Reconstruction and the Black Codes

Reconstruction means to be in the process of rebuilding. For America, reconstruction is the restoration of the Union, the transformation of Southern society, and the progression of rights. The 1860s was the time of Reconstruction. 

Abraham Lincoln introduced the Emancipation Proclamation that changed the lives of black people slightly. In 1865, Lincoln proposed limiting suffrage for African Americans, and his plans for Reconstruction passed onto Andrew Johnson. 

In 1865, under Johnson’s Reconstruction policies, former Confederate states were required to continue abolishing slavery. 

Johnson supported state rights and believed that the government had no say in matters at the state level. The former Confederate States were ruled by white farmers, and they had more say on how their government was rebuilt.

The results were a system varying from different states restricting and requiring African Americans in America to have documentation to stop them from owning their land, business, or working. 

In 1865, South Carolina and Mississippi enacted the first Black Codes. After that, many Southern states followed and enacted their codes.

 The South adopted many of the Black Codes in the form of Jim Crow Laws (from 1865 until 1968), not abolished until the Civil Rights Act of 1964.

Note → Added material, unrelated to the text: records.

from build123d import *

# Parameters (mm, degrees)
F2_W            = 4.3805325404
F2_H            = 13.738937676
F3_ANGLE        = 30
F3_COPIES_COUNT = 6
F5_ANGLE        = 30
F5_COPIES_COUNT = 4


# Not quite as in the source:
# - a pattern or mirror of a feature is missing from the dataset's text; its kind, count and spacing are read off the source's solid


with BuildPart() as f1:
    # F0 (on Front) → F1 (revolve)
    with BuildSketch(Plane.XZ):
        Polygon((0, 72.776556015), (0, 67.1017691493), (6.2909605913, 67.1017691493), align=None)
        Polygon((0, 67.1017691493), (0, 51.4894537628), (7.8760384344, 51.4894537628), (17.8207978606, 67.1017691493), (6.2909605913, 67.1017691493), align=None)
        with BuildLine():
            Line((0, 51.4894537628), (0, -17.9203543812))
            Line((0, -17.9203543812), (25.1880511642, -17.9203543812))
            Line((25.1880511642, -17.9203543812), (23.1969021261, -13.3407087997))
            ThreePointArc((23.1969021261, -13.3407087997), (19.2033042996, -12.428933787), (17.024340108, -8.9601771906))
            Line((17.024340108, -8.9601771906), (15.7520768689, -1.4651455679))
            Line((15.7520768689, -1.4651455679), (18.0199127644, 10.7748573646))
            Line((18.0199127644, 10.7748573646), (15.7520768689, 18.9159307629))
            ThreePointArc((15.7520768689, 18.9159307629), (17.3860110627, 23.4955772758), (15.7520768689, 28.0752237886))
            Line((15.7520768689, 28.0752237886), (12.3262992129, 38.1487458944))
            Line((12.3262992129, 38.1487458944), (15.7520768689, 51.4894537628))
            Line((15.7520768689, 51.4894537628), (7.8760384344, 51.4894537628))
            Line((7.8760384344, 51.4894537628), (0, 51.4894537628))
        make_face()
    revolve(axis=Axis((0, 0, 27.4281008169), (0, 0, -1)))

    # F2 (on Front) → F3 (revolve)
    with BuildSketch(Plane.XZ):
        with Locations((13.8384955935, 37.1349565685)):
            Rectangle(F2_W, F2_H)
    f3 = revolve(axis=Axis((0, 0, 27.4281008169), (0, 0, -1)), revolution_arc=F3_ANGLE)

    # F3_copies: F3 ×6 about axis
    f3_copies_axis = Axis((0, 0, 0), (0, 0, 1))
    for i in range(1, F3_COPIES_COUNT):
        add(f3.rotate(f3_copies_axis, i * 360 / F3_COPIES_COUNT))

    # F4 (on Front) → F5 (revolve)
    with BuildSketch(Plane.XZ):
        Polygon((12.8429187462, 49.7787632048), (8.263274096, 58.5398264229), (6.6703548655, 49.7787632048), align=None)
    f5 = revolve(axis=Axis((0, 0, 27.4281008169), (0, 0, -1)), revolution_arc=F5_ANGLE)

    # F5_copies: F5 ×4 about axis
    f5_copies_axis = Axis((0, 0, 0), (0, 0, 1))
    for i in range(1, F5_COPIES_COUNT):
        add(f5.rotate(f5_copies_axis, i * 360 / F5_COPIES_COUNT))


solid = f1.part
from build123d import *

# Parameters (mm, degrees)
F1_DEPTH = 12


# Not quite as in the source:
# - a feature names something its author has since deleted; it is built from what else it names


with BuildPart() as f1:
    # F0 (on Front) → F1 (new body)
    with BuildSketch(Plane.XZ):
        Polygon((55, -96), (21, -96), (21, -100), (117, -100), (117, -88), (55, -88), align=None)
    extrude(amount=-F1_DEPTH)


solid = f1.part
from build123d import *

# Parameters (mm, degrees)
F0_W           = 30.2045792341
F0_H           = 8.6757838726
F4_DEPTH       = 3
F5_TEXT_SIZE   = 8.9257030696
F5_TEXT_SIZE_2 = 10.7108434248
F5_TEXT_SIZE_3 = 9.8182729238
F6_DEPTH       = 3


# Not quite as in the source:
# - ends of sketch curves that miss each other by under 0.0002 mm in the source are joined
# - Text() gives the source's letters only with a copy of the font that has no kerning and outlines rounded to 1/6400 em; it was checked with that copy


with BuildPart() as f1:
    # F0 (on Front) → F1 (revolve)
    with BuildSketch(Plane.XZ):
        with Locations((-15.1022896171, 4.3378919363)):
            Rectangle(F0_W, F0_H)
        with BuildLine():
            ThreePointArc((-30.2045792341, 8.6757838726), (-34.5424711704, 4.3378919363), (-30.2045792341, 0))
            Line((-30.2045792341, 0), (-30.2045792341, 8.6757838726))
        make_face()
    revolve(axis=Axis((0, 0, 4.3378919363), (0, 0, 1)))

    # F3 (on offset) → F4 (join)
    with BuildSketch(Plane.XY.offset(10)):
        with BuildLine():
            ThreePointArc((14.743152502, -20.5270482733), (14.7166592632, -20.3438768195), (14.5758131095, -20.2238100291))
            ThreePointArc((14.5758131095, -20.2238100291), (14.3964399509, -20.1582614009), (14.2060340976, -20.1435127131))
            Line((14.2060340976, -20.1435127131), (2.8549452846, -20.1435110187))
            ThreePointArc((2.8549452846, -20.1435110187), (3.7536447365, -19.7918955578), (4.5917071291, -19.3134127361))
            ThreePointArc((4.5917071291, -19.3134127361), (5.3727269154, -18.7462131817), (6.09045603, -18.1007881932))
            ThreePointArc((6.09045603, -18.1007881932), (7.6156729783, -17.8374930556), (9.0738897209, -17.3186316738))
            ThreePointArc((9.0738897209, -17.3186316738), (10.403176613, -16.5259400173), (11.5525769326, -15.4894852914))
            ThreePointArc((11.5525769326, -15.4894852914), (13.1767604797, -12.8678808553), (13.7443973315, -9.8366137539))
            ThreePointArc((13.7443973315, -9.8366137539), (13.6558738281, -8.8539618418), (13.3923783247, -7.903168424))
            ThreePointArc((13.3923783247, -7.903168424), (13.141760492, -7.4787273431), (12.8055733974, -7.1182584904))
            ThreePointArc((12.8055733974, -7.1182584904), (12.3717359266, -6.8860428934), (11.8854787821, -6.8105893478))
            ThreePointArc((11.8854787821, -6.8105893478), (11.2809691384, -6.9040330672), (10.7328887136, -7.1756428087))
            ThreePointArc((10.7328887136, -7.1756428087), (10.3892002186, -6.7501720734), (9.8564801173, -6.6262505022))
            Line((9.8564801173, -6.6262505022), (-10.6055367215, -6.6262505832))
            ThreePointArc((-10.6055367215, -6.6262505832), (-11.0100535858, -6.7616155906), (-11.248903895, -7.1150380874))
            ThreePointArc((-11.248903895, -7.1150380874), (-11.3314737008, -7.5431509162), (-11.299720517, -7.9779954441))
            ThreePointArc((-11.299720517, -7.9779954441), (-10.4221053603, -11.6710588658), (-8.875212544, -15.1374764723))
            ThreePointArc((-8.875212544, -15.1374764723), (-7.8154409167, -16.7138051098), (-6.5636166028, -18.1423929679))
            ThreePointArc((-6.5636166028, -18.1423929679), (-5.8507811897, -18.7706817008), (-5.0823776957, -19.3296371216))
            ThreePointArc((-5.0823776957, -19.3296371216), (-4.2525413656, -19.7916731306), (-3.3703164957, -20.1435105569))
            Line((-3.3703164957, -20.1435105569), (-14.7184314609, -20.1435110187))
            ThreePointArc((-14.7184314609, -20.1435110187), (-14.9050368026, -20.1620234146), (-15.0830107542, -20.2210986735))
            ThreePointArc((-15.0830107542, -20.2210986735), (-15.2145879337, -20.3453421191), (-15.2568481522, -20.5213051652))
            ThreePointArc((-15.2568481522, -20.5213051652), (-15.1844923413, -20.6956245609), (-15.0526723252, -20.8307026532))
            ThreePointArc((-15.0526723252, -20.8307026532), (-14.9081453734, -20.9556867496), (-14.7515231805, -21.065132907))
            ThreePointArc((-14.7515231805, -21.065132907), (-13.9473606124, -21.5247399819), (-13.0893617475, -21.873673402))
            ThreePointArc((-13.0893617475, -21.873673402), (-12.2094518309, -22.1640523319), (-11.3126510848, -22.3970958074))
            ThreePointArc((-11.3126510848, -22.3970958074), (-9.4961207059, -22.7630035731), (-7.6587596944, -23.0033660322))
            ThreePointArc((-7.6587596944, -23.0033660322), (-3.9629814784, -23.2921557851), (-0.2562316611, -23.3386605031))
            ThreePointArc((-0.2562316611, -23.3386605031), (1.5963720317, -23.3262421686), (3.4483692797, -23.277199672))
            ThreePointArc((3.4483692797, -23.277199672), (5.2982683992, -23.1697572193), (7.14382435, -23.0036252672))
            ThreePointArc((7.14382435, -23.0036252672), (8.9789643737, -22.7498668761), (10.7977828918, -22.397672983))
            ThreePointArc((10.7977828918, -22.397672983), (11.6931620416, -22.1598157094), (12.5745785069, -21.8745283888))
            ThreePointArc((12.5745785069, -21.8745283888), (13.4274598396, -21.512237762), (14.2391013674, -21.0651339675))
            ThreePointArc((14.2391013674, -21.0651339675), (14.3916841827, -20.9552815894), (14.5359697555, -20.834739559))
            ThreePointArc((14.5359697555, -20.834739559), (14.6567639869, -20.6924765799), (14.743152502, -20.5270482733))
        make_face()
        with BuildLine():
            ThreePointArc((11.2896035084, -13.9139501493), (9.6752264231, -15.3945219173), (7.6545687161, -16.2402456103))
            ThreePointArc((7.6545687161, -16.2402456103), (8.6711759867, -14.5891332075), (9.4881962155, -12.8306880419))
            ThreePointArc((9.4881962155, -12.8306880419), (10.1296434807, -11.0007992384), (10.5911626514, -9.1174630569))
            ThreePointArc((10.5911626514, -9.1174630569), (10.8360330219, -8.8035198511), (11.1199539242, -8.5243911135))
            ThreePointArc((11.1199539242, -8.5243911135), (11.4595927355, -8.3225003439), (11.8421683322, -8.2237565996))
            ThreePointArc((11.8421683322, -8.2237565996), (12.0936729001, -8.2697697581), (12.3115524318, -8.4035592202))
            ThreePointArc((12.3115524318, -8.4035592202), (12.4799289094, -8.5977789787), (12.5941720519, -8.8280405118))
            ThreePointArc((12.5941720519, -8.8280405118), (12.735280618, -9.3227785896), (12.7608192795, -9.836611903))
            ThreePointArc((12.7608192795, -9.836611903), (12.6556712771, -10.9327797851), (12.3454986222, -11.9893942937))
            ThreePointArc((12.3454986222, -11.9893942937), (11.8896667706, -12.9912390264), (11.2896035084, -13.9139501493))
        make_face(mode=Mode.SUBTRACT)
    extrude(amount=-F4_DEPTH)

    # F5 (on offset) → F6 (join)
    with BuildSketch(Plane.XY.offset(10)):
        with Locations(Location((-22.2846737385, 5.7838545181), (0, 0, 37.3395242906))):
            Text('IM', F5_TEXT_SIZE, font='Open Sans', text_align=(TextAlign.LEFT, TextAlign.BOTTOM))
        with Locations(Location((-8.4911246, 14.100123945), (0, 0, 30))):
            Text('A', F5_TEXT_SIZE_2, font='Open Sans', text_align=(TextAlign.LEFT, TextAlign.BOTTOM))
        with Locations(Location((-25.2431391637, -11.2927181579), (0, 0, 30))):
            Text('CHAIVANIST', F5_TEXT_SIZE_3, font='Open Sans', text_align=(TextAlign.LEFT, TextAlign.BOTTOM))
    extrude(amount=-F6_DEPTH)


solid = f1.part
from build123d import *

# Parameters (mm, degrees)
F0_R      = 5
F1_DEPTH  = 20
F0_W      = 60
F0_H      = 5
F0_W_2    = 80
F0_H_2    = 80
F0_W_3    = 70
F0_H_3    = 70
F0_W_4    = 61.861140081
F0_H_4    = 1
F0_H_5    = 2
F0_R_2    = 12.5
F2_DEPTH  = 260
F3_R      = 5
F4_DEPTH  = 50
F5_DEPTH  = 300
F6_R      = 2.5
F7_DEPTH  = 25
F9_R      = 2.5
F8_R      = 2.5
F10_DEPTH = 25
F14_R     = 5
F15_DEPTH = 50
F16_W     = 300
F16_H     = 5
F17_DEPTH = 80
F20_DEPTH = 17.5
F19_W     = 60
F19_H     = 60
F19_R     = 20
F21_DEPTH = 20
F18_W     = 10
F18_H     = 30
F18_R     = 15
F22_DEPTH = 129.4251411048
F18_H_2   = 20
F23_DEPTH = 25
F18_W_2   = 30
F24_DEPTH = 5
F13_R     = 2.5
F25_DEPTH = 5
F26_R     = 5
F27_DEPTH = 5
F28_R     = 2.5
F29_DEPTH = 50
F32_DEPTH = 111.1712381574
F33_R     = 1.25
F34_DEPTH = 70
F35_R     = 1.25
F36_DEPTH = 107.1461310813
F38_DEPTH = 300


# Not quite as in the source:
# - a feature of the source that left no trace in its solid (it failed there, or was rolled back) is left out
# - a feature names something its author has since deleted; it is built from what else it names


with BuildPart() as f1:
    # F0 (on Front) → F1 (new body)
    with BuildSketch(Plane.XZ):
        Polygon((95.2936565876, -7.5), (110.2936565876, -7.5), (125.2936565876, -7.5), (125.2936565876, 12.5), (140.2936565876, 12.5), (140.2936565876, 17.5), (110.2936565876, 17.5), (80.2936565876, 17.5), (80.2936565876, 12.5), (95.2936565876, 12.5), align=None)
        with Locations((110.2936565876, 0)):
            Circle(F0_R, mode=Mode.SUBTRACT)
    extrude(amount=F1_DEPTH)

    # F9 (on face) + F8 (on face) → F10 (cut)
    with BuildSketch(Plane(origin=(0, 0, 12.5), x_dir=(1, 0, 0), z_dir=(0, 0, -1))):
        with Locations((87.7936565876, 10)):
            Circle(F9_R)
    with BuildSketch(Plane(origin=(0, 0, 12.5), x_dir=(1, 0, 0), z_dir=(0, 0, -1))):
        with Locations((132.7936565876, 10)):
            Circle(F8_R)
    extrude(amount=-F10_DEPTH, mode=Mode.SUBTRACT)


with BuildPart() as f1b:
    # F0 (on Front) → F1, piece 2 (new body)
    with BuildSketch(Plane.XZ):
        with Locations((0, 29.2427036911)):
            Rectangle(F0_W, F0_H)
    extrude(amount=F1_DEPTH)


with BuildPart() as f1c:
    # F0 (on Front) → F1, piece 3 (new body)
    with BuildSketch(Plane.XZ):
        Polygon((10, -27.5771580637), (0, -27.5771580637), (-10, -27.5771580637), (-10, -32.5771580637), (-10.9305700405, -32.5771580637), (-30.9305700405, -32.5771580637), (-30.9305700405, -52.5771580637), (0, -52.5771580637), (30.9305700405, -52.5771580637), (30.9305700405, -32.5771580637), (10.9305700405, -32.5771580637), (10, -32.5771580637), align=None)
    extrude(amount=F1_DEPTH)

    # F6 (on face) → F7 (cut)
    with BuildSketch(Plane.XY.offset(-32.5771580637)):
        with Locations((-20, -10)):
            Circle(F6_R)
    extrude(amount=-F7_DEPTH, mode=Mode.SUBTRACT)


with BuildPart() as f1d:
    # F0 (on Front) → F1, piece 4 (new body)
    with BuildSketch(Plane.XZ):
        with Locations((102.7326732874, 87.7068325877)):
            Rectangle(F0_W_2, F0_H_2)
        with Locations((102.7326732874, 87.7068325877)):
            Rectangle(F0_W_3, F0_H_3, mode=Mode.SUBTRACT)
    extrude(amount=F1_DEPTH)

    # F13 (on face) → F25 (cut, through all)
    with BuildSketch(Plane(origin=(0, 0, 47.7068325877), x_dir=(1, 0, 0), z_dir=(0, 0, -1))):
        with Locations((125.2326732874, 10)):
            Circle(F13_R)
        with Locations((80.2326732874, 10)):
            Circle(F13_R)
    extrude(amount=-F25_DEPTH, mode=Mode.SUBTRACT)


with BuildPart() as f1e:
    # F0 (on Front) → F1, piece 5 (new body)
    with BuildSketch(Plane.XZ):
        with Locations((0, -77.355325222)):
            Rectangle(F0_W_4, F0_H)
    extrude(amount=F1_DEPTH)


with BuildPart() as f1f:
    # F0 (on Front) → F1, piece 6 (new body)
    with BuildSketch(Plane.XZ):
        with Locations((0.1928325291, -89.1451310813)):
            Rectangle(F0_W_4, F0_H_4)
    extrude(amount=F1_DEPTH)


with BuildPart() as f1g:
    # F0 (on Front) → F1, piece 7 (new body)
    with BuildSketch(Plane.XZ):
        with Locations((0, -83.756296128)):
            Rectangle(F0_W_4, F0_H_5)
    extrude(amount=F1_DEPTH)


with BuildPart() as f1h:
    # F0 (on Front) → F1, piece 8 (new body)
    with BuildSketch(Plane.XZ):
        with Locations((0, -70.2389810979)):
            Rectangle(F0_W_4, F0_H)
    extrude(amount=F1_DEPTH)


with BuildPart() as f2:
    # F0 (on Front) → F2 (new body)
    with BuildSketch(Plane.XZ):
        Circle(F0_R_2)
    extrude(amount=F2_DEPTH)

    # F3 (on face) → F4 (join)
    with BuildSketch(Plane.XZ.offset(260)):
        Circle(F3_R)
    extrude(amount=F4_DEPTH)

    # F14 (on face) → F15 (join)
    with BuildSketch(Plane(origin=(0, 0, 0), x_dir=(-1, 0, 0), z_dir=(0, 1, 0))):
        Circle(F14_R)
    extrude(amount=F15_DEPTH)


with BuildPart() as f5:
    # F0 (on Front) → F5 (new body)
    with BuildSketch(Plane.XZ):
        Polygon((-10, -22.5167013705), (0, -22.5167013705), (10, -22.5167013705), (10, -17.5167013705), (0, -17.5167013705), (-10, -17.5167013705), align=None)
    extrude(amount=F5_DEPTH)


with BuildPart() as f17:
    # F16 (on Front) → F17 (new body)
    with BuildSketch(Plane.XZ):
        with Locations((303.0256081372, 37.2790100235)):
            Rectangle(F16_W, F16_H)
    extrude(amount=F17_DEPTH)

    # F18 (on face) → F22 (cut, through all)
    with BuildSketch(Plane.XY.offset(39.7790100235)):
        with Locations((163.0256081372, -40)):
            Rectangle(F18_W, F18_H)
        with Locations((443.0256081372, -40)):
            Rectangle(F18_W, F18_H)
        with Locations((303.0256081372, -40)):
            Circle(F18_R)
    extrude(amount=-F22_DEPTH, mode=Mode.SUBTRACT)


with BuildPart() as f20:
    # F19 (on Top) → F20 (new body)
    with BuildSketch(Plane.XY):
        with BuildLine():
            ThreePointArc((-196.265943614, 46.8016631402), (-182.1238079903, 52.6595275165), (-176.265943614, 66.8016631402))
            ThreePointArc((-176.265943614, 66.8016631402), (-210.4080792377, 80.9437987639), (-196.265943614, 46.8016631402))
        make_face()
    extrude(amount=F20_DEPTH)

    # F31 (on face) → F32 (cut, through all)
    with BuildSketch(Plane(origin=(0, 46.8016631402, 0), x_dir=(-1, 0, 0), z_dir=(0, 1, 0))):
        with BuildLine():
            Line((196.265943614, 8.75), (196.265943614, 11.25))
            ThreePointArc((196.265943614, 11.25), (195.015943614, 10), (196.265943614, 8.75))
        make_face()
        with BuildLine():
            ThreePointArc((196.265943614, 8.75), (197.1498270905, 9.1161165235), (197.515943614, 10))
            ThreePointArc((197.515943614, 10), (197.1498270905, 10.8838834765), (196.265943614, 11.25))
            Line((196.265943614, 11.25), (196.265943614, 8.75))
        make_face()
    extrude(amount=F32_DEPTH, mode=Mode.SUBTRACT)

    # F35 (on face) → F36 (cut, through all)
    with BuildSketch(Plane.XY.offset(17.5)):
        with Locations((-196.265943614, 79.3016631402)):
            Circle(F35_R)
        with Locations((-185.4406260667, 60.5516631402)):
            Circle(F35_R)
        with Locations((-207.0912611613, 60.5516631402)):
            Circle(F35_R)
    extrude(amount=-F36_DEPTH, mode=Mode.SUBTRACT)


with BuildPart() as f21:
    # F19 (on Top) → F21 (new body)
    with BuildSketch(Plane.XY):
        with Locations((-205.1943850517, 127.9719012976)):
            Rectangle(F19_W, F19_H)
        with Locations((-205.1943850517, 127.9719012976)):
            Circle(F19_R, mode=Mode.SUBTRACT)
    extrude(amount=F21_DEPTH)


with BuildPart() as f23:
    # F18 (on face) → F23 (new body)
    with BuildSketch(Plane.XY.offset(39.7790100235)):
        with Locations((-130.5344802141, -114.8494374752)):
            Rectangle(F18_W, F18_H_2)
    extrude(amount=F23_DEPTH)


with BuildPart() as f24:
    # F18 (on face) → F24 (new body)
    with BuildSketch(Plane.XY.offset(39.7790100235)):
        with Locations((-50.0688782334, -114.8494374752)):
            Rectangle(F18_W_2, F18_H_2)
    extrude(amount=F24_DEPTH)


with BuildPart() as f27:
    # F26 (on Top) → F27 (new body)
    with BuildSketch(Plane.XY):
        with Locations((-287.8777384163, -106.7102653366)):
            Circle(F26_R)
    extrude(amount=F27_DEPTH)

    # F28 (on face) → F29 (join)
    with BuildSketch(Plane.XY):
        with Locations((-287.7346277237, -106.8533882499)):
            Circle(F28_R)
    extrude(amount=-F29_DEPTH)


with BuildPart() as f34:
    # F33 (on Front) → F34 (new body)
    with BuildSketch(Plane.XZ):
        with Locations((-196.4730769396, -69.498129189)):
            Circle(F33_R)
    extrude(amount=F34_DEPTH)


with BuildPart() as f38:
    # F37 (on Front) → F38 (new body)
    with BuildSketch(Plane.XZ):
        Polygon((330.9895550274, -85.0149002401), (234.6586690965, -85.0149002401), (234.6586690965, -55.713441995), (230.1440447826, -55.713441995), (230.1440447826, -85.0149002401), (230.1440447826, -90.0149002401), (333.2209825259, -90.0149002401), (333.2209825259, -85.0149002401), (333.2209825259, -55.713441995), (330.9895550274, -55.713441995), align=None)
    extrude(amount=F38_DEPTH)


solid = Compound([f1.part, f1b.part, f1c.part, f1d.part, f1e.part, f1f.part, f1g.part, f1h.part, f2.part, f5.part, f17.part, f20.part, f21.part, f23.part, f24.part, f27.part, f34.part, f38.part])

The Black Codes granted certain freedoms to African Americans, such as the right to buy and own property, marry, make contracts, or testify in court. 

The codes restricted black people’s activity, aiming to regulate the lives of black people’s restrictive freedom. A few examples are, limiting what kinds of property they can buy or what type of employment they received, essentially enforcing them onto African Americans.

Examining the Black Codes today has had an enormous impact on today’s society, including the ratification of the 14th and 15th Amendments and the foundation of the Civil Rights Movement.